● **DATASET RECORDS**:
↓

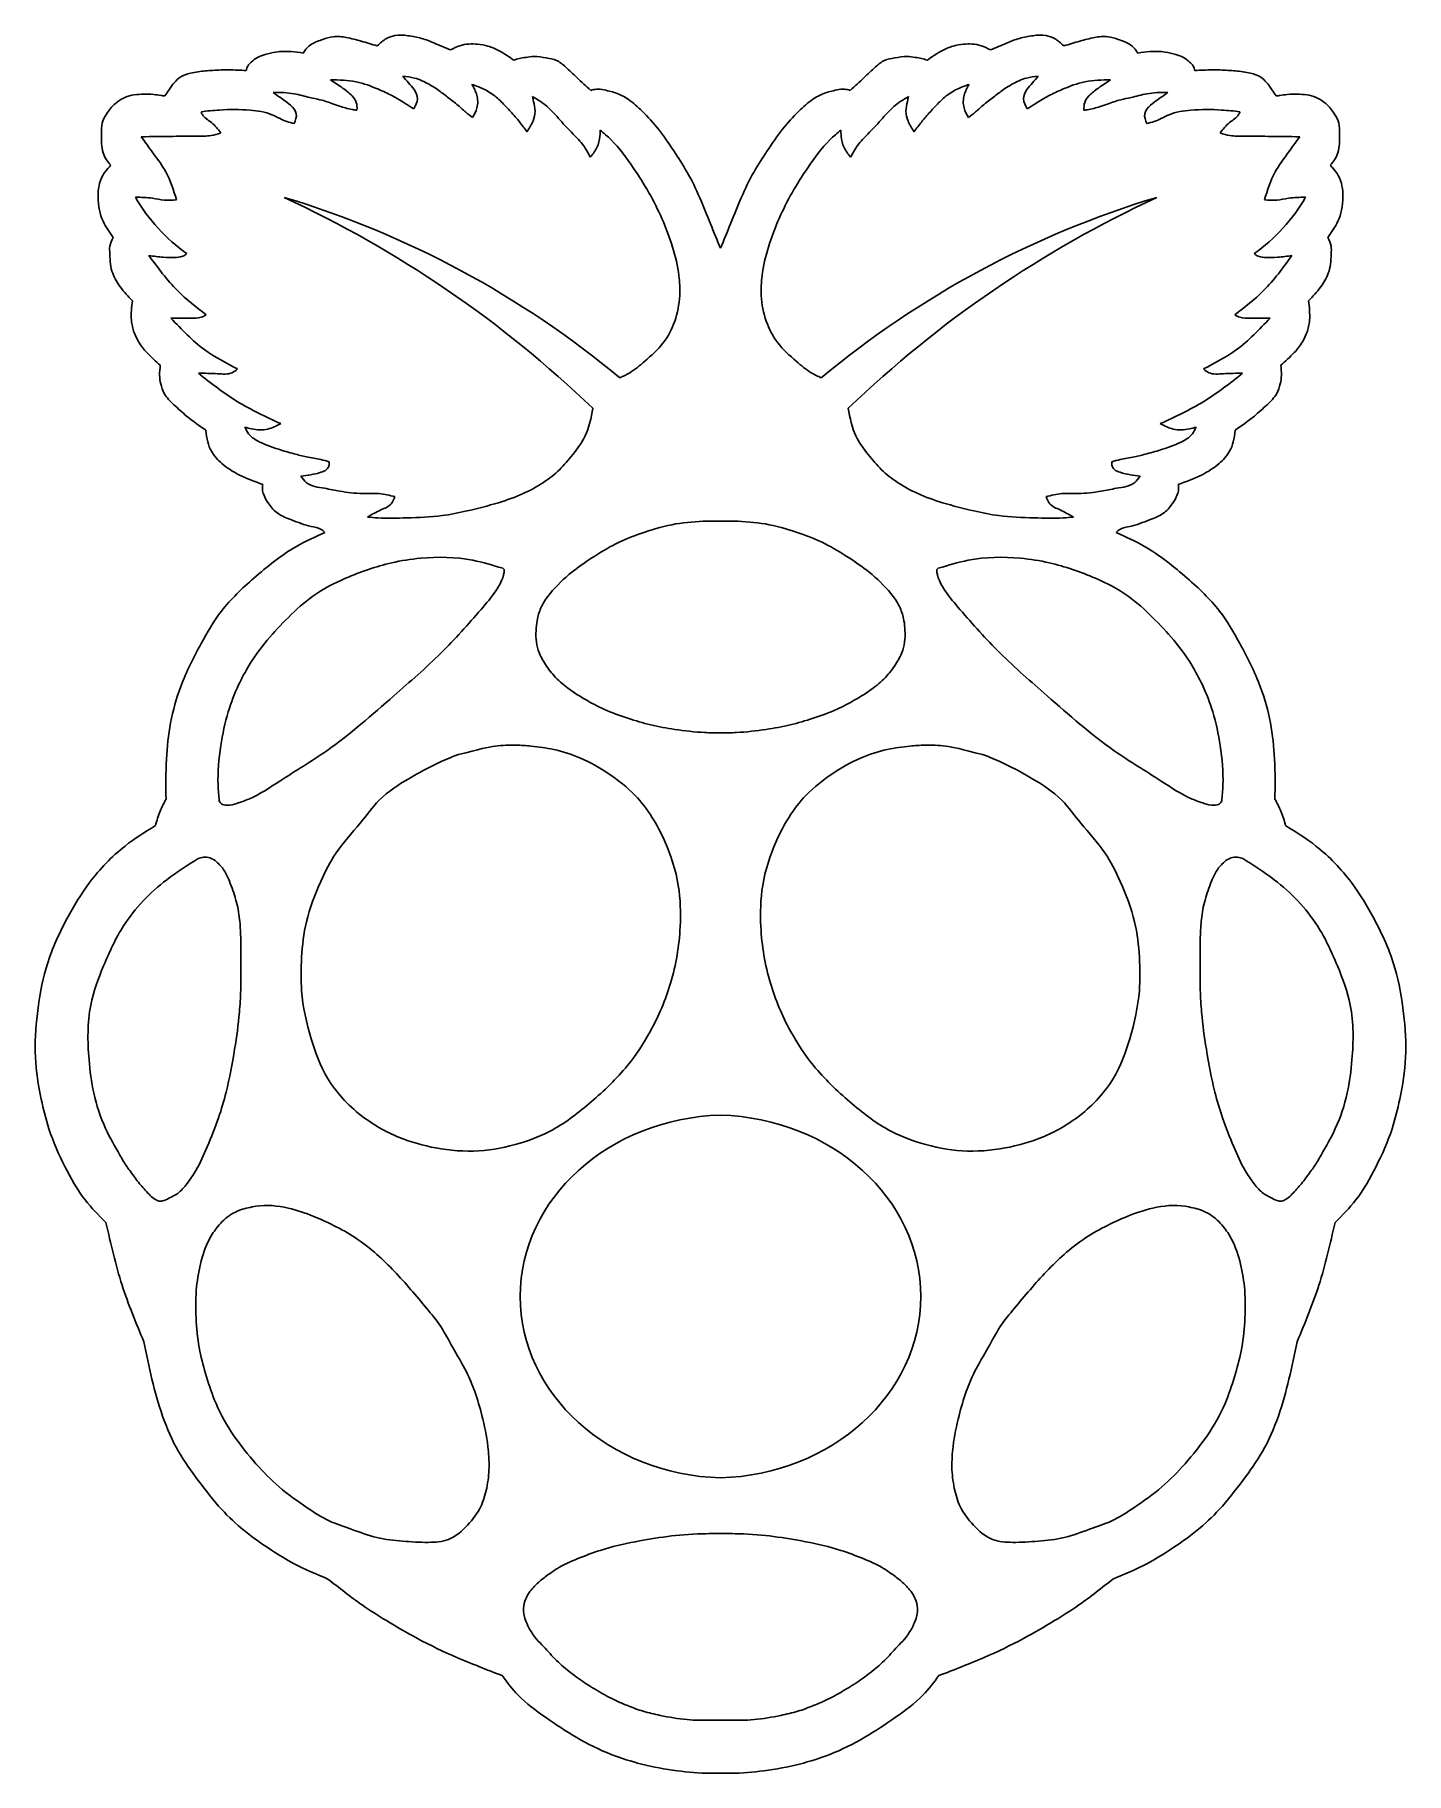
# Model space of a CAD drawing. Header units: millimetres. Extents: x 6 to 197, y 11 to 252.
import ezdxf

# ---------------------------------------------------------------- set-up
doc = ezdxf.new("R2010")
doc.units = ezdxf.units.MM

msp = doc.modelspace()

# ---------------------------------------------------------------- linework, layer by layer
at = {"color": 1}
for centre, radius, start, end in [((41.93, 242.21), 24.86, 209.9965, 234.6031), ((-25.09, 86.91), 157.42, 46.1652, 65.1506), ((2.86, 102.79), 132.59, 50.2212, 73.2528), ((200.53, 102.79), 132.59, 106.7472, 129.7788), ((228.48, 86.91), 157.42, 114.8494, 133.8348), ((161.46, 242.21), 24.86, 305.3969, 330.0035)]:
    msp.add_arc(centre, radius, start, end, dxfattribs=at)
msp.add_ellipse((102.71, 77.08), major_axis=(-28.84, 0), ratio=0.874343, start_param=4.747714, end_param=7.818656, dxfattribs=at)
at = {"color": 1, "extrusion": (0, 0, -1)}
msp.add_ellipse((100.68, 77.08), major_axis=(28.84, 0), ratio=0.874343, start_param=4.747714, end_param=7.818656, dxfattribs=at)
at = {"color": 1}
for points, knots in [([(54, 250.8), (53.25, 251.02), (51.82, 251.45), (49.8, 252), (47.96, 252.21), (46.38, 251.69), (45.05, 251.24), (44.15, 250.5), (43.82, 250), (43.7, 249.81)], [0, 0, 0, 0, 23.446536, 44.519833, 63.030721, 77.809436, 93.781141, 105.015187, 111.787752, 111.787752, 111.787752, 111.787752]), ([(64.16, 250.25), (63.43, 250.56), (62.1, 251.12), (60.16, 251.91), (58.3, 252.25), (56.63, 252.38), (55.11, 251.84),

↑

● **EXERCISE INSTRUCTIONS**: Copy out every line above where "units" is present.

● **ANSWER SECTION**:
# Model space of a CAD drawing. Header units: millimetres. Extents: x 6 to 197, y 11 to 252.
doc.units = ezdxf.units.MM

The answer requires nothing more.